> Supplied records:
********

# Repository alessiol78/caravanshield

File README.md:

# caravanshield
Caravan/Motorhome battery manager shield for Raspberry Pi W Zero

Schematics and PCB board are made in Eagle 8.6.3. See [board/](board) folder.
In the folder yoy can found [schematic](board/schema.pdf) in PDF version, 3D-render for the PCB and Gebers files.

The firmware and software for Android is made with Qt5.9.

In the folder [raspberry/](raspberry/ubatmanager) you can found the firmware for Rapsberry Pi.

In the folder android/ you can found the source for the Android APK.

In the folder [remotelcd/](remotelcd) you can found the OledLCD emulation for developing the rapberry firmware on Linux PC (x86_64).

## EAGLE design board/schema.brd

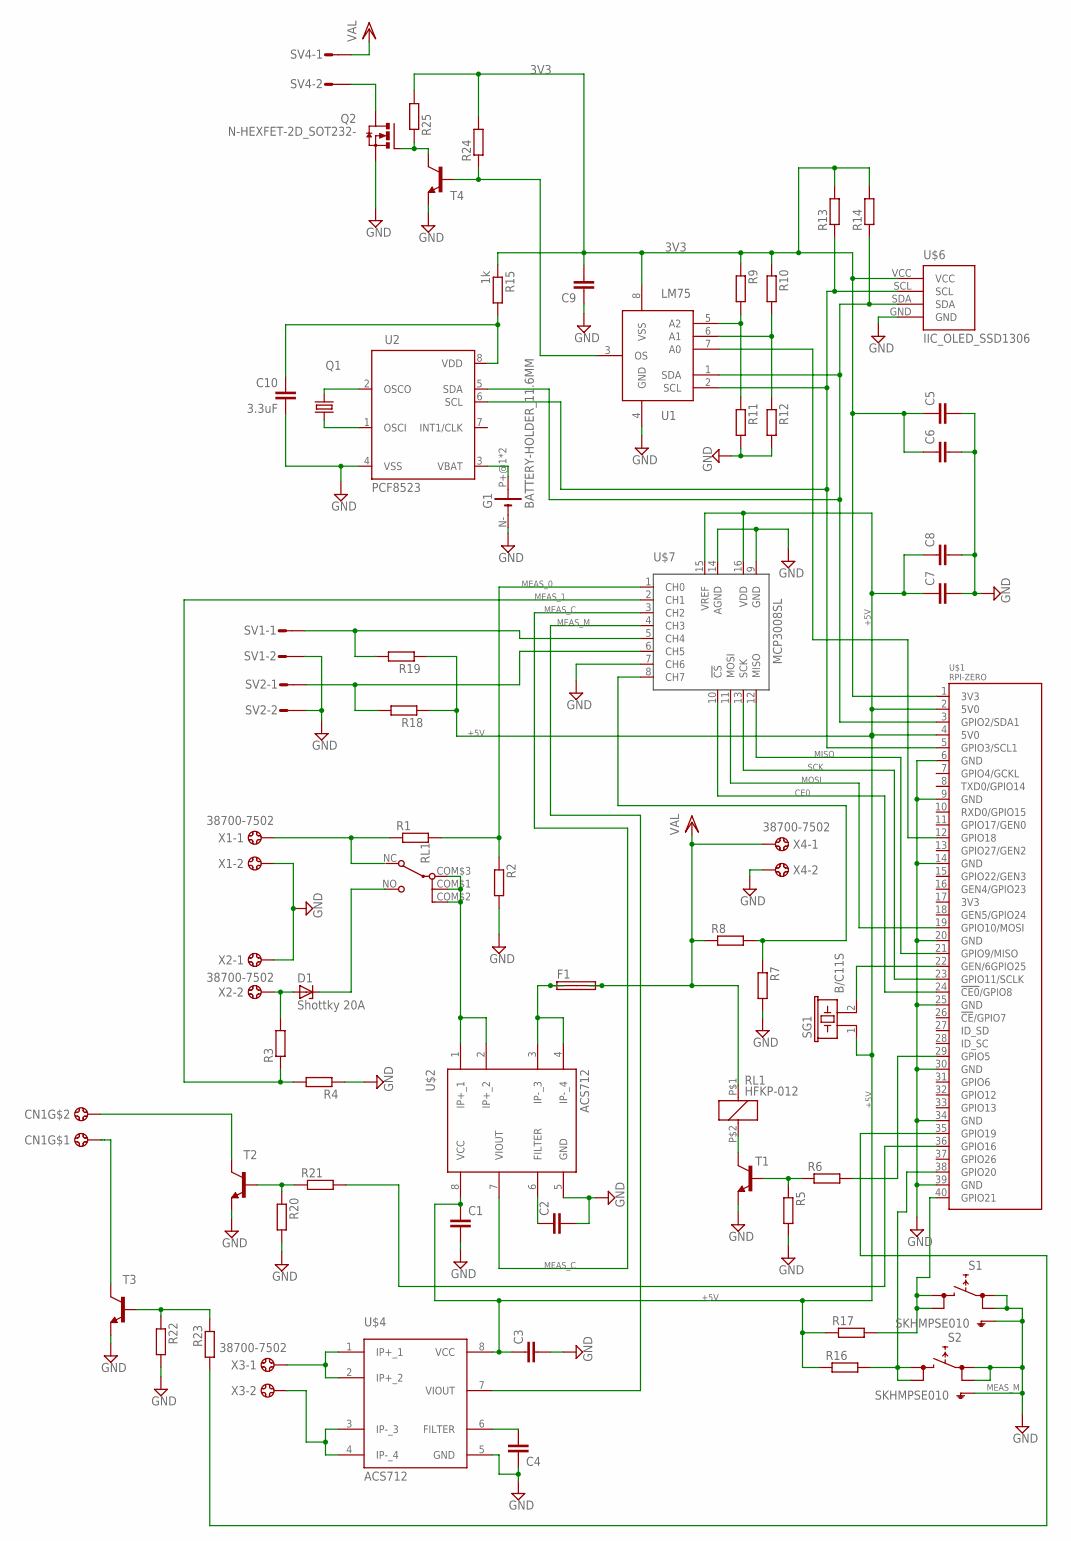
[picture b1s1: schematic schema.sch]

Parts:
C1, C2, C3, C4, C5, C6, C7, C8, C9: CC0603; C0603
C10: 3.3uF; C0603
CN1: CON_VITE_2POS; CN02
D1: Shottky 20A; C1702-15
F1: SHK20Q
G1: BATTERY-HOLDER_11.6MM; CELL_RETAINER_11.6MM
Q1: KX-327-S; 8.2X3.8
Q2: N-HEXFET-2D_SOT232-; SOT223
R1, R2, R3, R4, R5, R6, R7, R8, R9, R10, R11, R12, R13, R14, R16, R17, R18, R19, R20, R21, R22, R23, R24, R25: RR0603; R0603
R15: 1k; R0603
RL1: HFKP-012; HFKP-1X5
S1, S2: SKHMPSE010; SKHMPXE010
SG1: B/C11S
SV1, SV2, SV4: S02P
T1, T2, T3, T4: -NPN-SOT23-EBC; SOT23-EBC
U1: LM75; SO08
U2: PCF8523; SO08-IRF
U$1: RPI-ZERO; RASPBERRYPI_V13_J8
U$2, U$4: ACS712; SOIC8
U$6: IIC_OLED_SSD1306; OLED-SSD1306
U$7: MCP3008SL; SO16
X1, X2, X3, X4: 38700-7502

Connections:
3V3: C5.1, C6.1, C9.2, R9.1, R10.1, R13.2, R14.2, R15.1, R24.2, R25.2, U1.8 (VSS), U$1.1 (3V3), U$6.VCC
+5V: C1.1, C3.1, C7.1, C8.1, R16.1, R17.1, R18.1, R19.1, SG1.1, U$1.2 (5V0), U$1.4 (5V0), U$2.8 (VCC), U$4.8 (VCC), U$7.15 (VREF), U$7.16 (VDD)
CE0: U$1.24 (!CE0!/GPIO8), U$7.10 (!CS)
GND: C1.2, C2.2, C3.2, C4.1, C5.2, C6.2, C7.2, C8.2, C9.1, C10.2, G1.N- (-), Q2.3 (S), R2.2, R4.1, R5.2, R7.2, R11.2, R12.2, R20.2, R22.2, S1.1 (1.1), S1.2 (1.2), S1.5 (SH), S2.1 (1.1), S2.2 (1.2), S2.5 (SH), SV1.2, SV2.2, T1.E, T2.E, T3.E, T4.E, U1.4 (GND), U2.4 (VSS), U$1.6 (GND), U$1.9 (GND), U$1.14 (GND), U$1.20 (GND), U$1.25 (GND), U$1.30 (GND), U$1.34 (GND), U$1.39 (GND), U$2.5 (GND), U$4.5 (GND), U$6.GND, U$7.7 (CH6), U$7.9 (GND), U$7.14 (AGND), X1.2, X2.1, X4.2
MEAS_0: R1.2, R2.1, U$7.1 (CH0)
MEAS_1: R3.1, R4.2, U$7.2 (CH1)
MEAS_C: U$2.7 (VIOUT), U$7.3 (CH2)
MEAS_M: U$4.7 (VIOUT), U$7.4 (CH3)
MEAS_O: R7.1, R8.2, U$7.8 (CH7)
MISO: U$1.21 (GPIO9/MISO), U$7.12 (MISO)
MOSI: U$1.19 (GPIO10/MOSI), U$7.11 (MOSI)
unnamed: R1.1, RL1.NC (O), X1.1
unnamed: R9.2, R11.1, U1.5 (A2)
unnamed: RL1.COM$1 (P1), RL1.COM$2 (P2), RL1.COM$3 (P3), U$2.1 (IP+_1), U$2.2 (IP+_2)
unnamed: D1.A, R3.2, X2.2
unnamed: D1.C, RL1.NO (S)
unnamed: C4.2, U$4.6 (FILTER)
unnamed: F1.1A, F1.1B, U$2.3 (IP-_3), U$2.4 (IP-_4)
unnamed: U$4.1 (IP+_1), U$4.2 (IP+_2), X3.1
unnamed: C2.1, U$2.6 (FILTER)
unnamed: U$4.3 (IP-_3), U$4.4 (IP-_4), X3.2
unnamed: R5.1, R6.1, T1.B
unnamed: R10.2, R12.1, U1.6 (A1)
unnamed: RL1.P$2 (2), T1.C
unnamed: R6.2, U$1.29 (GPIO5)
unnamed: U1.7 (A0), U$1.12 (GPIO18)
unnamed: SG1.2, U$1.22 (GEN/6GPIO25)
unnamed: G1.P+@1 (+), G1.P+@2 (+), U2.3 (VBAT)
unnamed: Q1.4 (2), U2.1 (OSCI)
unnamed: Q1.1, U2.2 (OSCO)
unnamed: C10.1, R15.2, U2.8 (VDD)
unnamed: R16.2, S2.3 (2.1), S2.4 (2.2), U$1.38 (GPIO20)
unnamed: R17.2, S1.3 (2.1), S1.4 (2.2), U$1.40 (GPIO21)
unnamed: CN1.P$2, T2.C
unnamed: R20.1, R21.1, T2.B
unnamed: R19.2, SV1.1, U$7.5 (CH4)
unnamed: R18.2, SV2.1, U$7.6 (CH5)
unnamed: R21.2, U$1.36 (GPIO16)
unnamed: CN1.P$1, T3.C
unnamed: R22.1, R23.1, T3.B
unnamed: R24.1, T4.B, U1.3 (OS)
unnamed: R23.2, U$1.35 (GPIO19)
unnamed: Q2.1 (G), R25.1, T4.C
unnamed: Q2.2 (D), Q2.4 (D), SV4.2
SCK: U$1.23 (GPIO11/SCLK), U$7.13 (SCK)
SCL: R13.1, U1.2 (SCL), U2.6 (SCL), U$1.5 (GPIO3/SCL1), U$6.SCL
SDA: R14.1, U1.1 (SDA), U2.5 (SDA), U$1.3 (GPIO2/SDA1), U$6.SDA
VDD: F1.2A, F1.2B, R8.1, RL1.P$1 (1), SV4.1, X4.1

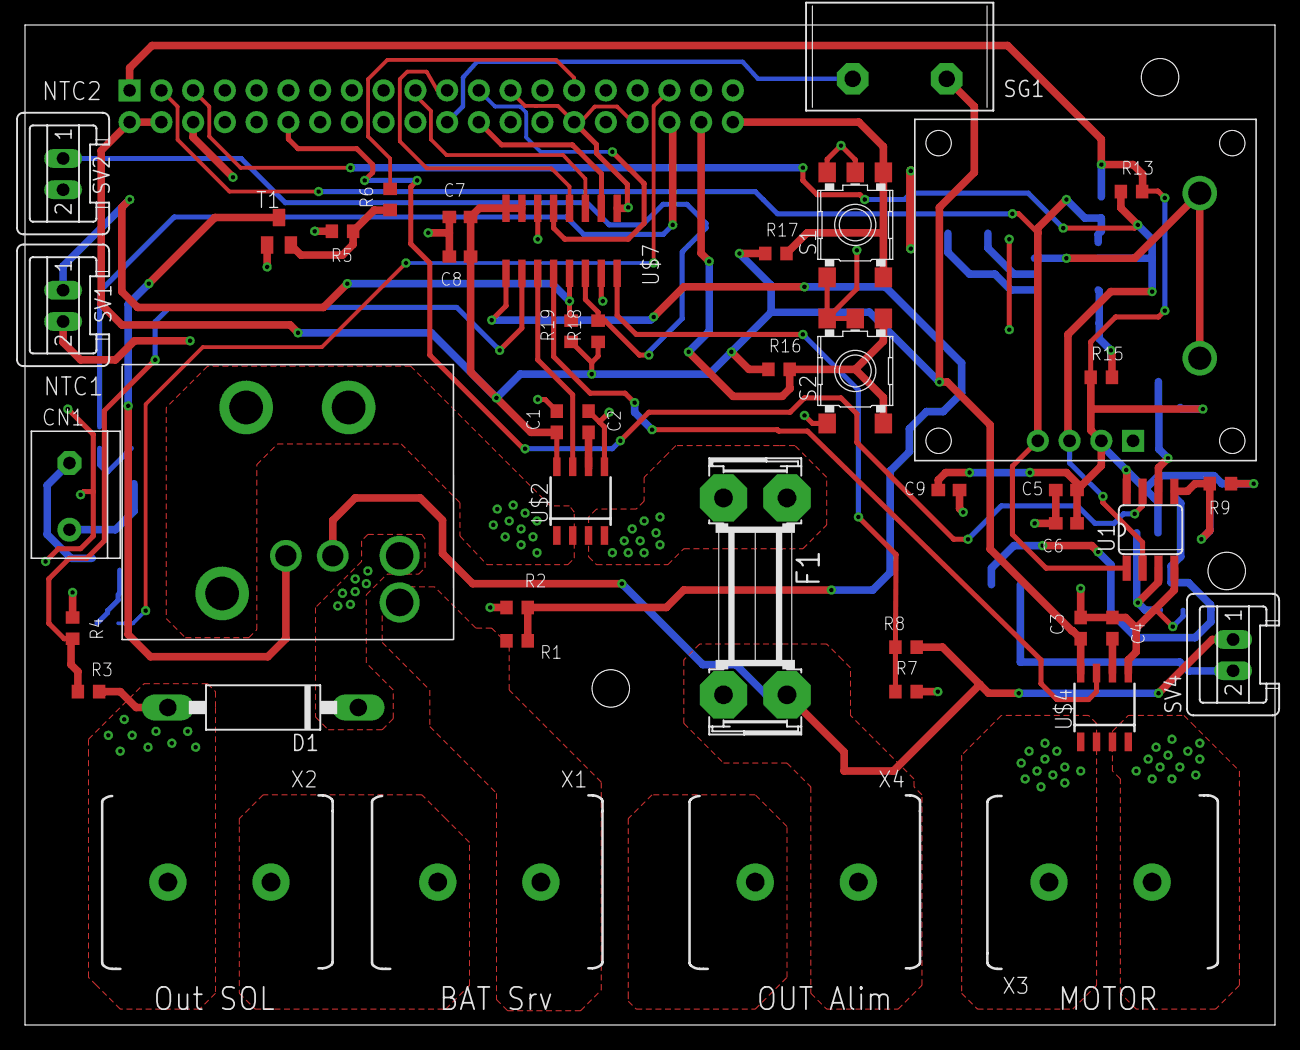
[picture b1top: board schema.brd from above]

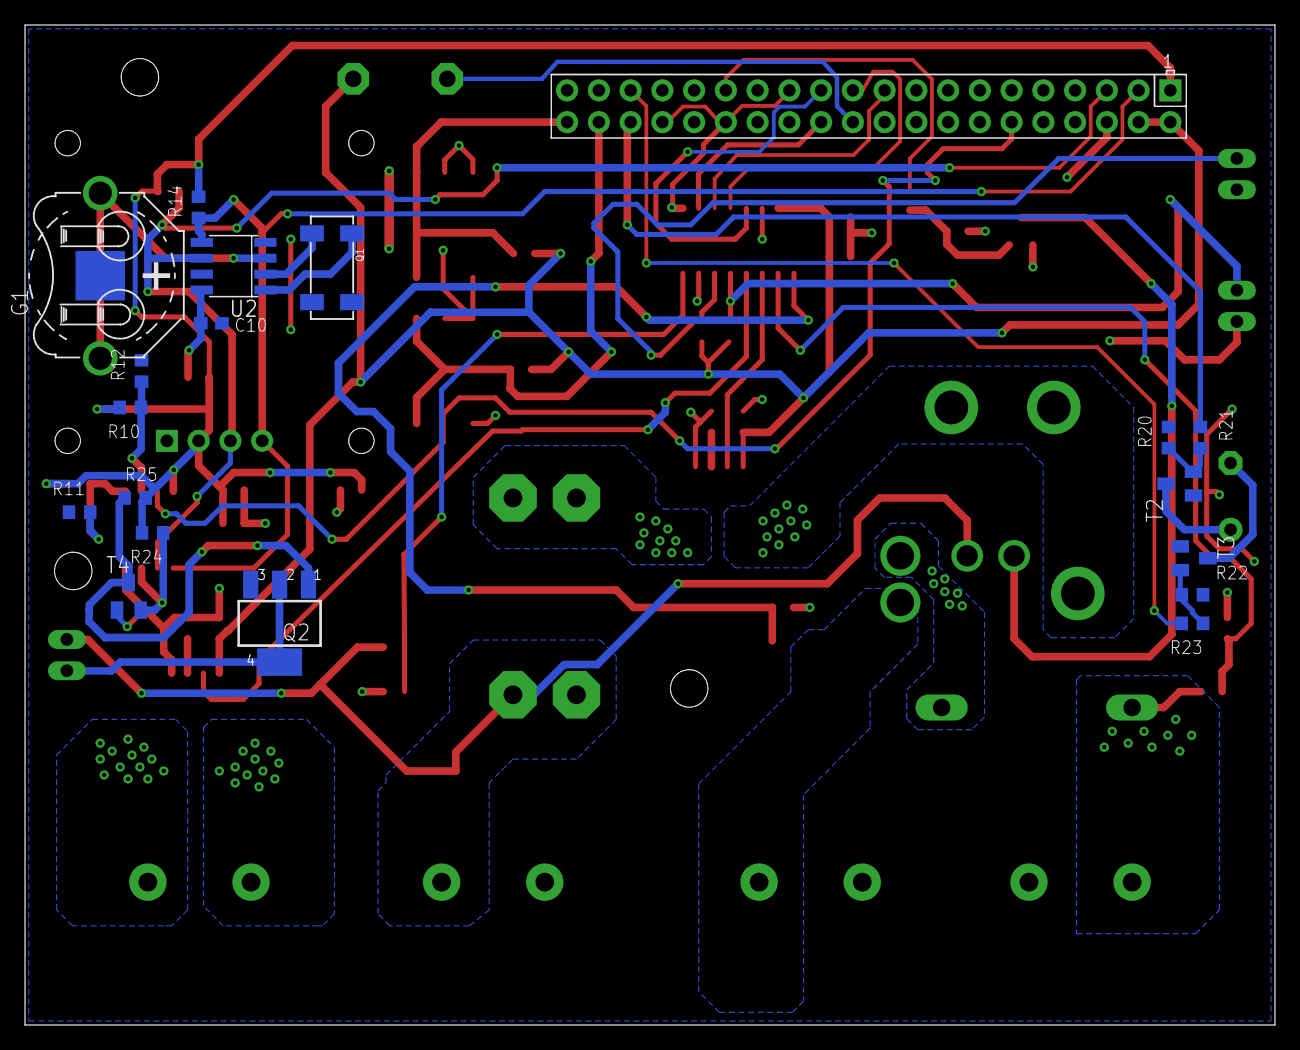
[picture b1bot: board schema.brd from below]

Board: 2 copper layers, 100.0 x 80.0 mm, 63 parts (19 on the bottom side), 48 nets.

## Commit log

2018-03-13 added board (schematic plus pcb)
2018-03-13 added firmware and lcd emulator for x86
2018-03-14 added schema
2018-03-14 link in readme
2018-03-14 fix link in readme
2018-03-14 add new link in readme
2018-03-22 aggiunti grafici v ed i e pulsanti a remotelcd
2018-03-24 modifiche per adeguamento emulatore e bluetooth ble
2018-03-25 aggiunto progetto android
2018-03-25 bozza di configure params on myandroid app
2018-03-30 fix rotate display
2018-03-31 switch relay strategy
2018-04-09 bozza lettura sensore lm75
2018-04-20 prove con sensore di temperatura interno

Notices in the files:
parts and their libraries:
crystal-geyer_V1_0: Copyright: Geyer-Electronic

********

Wherever an image appears, omit it; copy the rest of the records exactly.

# Repository alessiol78/caravanshield

File README.md:

# caravanshield
Caravan/Motorhome battery manager shield for Raspberry Pi W Zero

Schematics and PCB board are made in Eagle 8.6.3. See [board/](board) folder.
In the folder yoy can found [schematic](board/schema.pdf) in PDF version, 3D-render for the PCB and Gebers files.

The firmware and software for Android is made with Qt5.9.

In the folder [raspberry/](raspberry/ubatmanager) you can found the firmware for Rapsberry Pi.

In the folder android/ you can found the source for the Android APK.

In the folder [remotelcd/](remotelcd) you can found the OledLCD emulation for developing the rapberry firmware on Linux PC (x86_64).

## EAGLE design board/schema.brd

[picture b1s1: schematic schema.sch]

Parts:
C1, C2, C3, C4, C5, C6, C7, C8, C9: CC0603; C0603
C10: 3.3uF; C0603
CN1: CON_VITE_2POS; CN02
D1: Shottky 20A; C1702-15
F1: SHK20Q
G1: BATTERY-HOLDER_11.6MM; CELL_RETAINER_11.6MM
Q1: KX-327-S; 8.2X3.8
Q2: N-HEXFET-2D_SOT232-; SOT223
R1, R2, R3, R4, R5, R6, R7, R8, R9, R10, R11, R12, R13, R14, R16, R17, R18, R19, R20, R21, R22, R23, R24, R25: RR0603; R0603
R15: 1k; R0603
RL1: HFKP-012; HFKP-1X5
S1, S2: SKHMPSE010; SKHMPXE010
SG1: B/C11S
SV1, SV2, SV4: S02P
T1, T2, T3, T4: -NPN-SOT23-EBC; SOT23-EBC
U1: LM75; SO08
U2: PCF8523; SO08-IRF
U$1: RPI-ZERO; RASPBERRYPI_V13_J8
U$2, U$4: ACS712; SOIC8
U$6: IIC_OLED_SSD1306; OLED-SSD1306
U$7: MCP3008SL; SO16
X1, X2, X3, X4: 38700-7502

Connections:
3V3: C5.1, C6.1, C9.2, R9.1, R10.1, R13.2, R14.2, R15.1, R24.2, R25.2, U1.8 (VSS), U$1.1 (3V3), U$6.VCC
+5V: C1.1, C3.1, C7.1, C8.1, R16.1, R17.1, R18.1, R19.1, SG1.1, U$1.2 (5V0), U$1.4 (5V0), U$2.8 (VCC), U$4.8 (VCC), U$7.15 (VREF), U$7.16 (VDD)
CE0: U$1.24 (!CE0!/GPIO8), U$7.10 (!CS)
GND: C1.2, C2.2, C3.2, C4.1, C5.2, C6.2, C7.2, C8.2, C9.1, C10.2, G1.N- (-), Q2.3 (S), R2.2, R4.1, R5.2, R7.2, R11.2, R12.2, R20.2, R22.2, S1.1 (1.1), S1.2 (1.2), S1.5 (SH), S2.1 (1.1), S2.2 (1.2), S2.5 (SH), SV1.2, SV2.2, T1.E, T2.E, T3.E, T4.E, U1.4 (GND), U2.4 (VSS), U$1.6 (GND), U$1.9 (GND), U$1.14 (GND), U$1.20 (GND), U$1.25 (GND), U$1.30 (GND), U$1.34 (GND), U$1.39 (GND), U$2.5 (GND), U$4.5 (GND), U$6.GND, U$7.7 (CH6), U$7.9 (GND), U$7.14 (AGND), X1.2, X2.1, X4.2
MEAS_0: R1.2, R2.1, U$7.1 (CH0)
MEAS_1: R3.1, R4.2, U$7.2 (CH1)
MEAS_C: U$2.7 (VIOUT), U$7.3 (CH2)
MEAS_M: U$4.7 (VIOUT), U$7.4 (CH3)
MEAS_O: R7.1, R8.2, U$7.8 (CH7)
MISO: U$1.21 (GPIO9/MISO), U$7.12 (MISO)
MOSI: U$1.19 (GPIO10/MOSI), U$7.11 (MOSI)
unnamed: R1.1, RL1.NC (O), X1.1
unnamed: R9.2, R11.1, U1.5 (A2)
unnamed: RL1.COM$1 (P1), RL1.COM$2 (P2), RL1.COM$3 (P3), U$2.1 (IP+_1), U$2.2 (IP+_2)
unnamed: D1.A, R3.2, X2.2
unnamed: D1.C, RL1.NO (S)
unnamed: C4.2, U$4.6 (FILTER)
unnamed: F1.1A, F1.1B, U$2.3 (IP-_3), U$2.4 (IP-_4)
unnamed: U$4.1 (IP+_1), U$4.2 (IP+_2), X3.1
unnamed: C2.1, U$2.6 (FILTER)
unnamed: U$4.3 (IP-_3), U$4.4 (IP-_4), X3.2
unnamed: R5.1, R6.1, T1.B
unnamed: R10.2, R12.1, U1.6 (A1)
unnamed: RL1.P$2 (2), T1.C
unnamed: R6.2, U$1.29 (GPIO5)
unnamed: U1.7 (A0), U$1.12 (GPIO18)
unnamed: SG1.2, U$1.22 (GEN/6GPIO25)
unnamed: G1.P+@1 (+), G1.P+@2 (+), U2.3 (VBAT)
unnamed: Q1.4 (2), U2.1 (OSCI)
unnamed: Q1.1, U2.2 (OSCO)
unnamed: C10.1, R15.2, U2.8 (VDD)
unnamed: R16.2, S2.3 (2.1), S2.4 (2.2), U$1.38 (GPIO20)
unnamed: R17.2, S1.3 (2.1), S1.4 (2.2), U$1.40 (GPIO21)
unnamed: CN1.P$2, T2.C
unnamed: R20.1, R21.1, T2.B
unnamed: R19.2, SV1.1, U$7.5 (CH4)
unnamed: R18.2, SV2.1, U$7.6 (CH5)
unnamed: R21.2, U$1.36 (GPIO16)
unnamed: CN1.P$1, T3.C
unnamed: R22.1, R23.1, T3.B
unnamed: R24.1, T4.B, U1.3 (OS)
unnamed: R23.2, U$1.35 (GPIO19)
unnamed: Q2.1 (G), R25.1, T4.C
unnamed: Q2.2 (D), Q2.4 (D), SV4.2
SCK: U$1.23 (GPIO11/SCLK), U$7.13 (SCK)
SCL: R13.1, U1.2 (SCL), U2.6 (SCL), U$1.5 (GPIO3/SCL1), U$6.SCL
SDA: R14.1, U1.1 (SDA), U2.5 (SDA), U$1.3 (GPIO2/SDA1), U$6.SDA
VDD: F1.2A, F1.2B, R8.1, RL1.P$1 (1), SV4.1, X4.1

[picture b1top: board schema.brd from above]

[picture b1bot: board schema.brd from below]

Board: 2 copper layers, 100.0 x 80.0 mm, 63 parts (19 on the bottom side), 48 nets.

## Commit log

2018-03-13 added board (schematic plus pcb)
2018-03-13 added firmware and lcd emulator for x86
2018-03-14 added schema
2018-03-14 link in readme
2018-03-14 fix link in readme
2018-03-14 add new link in readme
2018-03-22 aggiunti grafici v ed i e pulsanti a remotelcd
2018-03-24 modifiche per adeguamento emulatore e bluetooth ble
2018-03-25 aggiunto progetto android
2018-03-25 bozza di configure params on myandroid app
2018-03-30 fix rotate display
2018-03-31 switch relay strategy
2018-04-09 bozza lettura sensore lm75
2018-04-20 prove con sensore di temperatura interno

Notices in the files:
parts and their libraries:
crystal-geyer_V1_0: Copyright: Geyer-Electronic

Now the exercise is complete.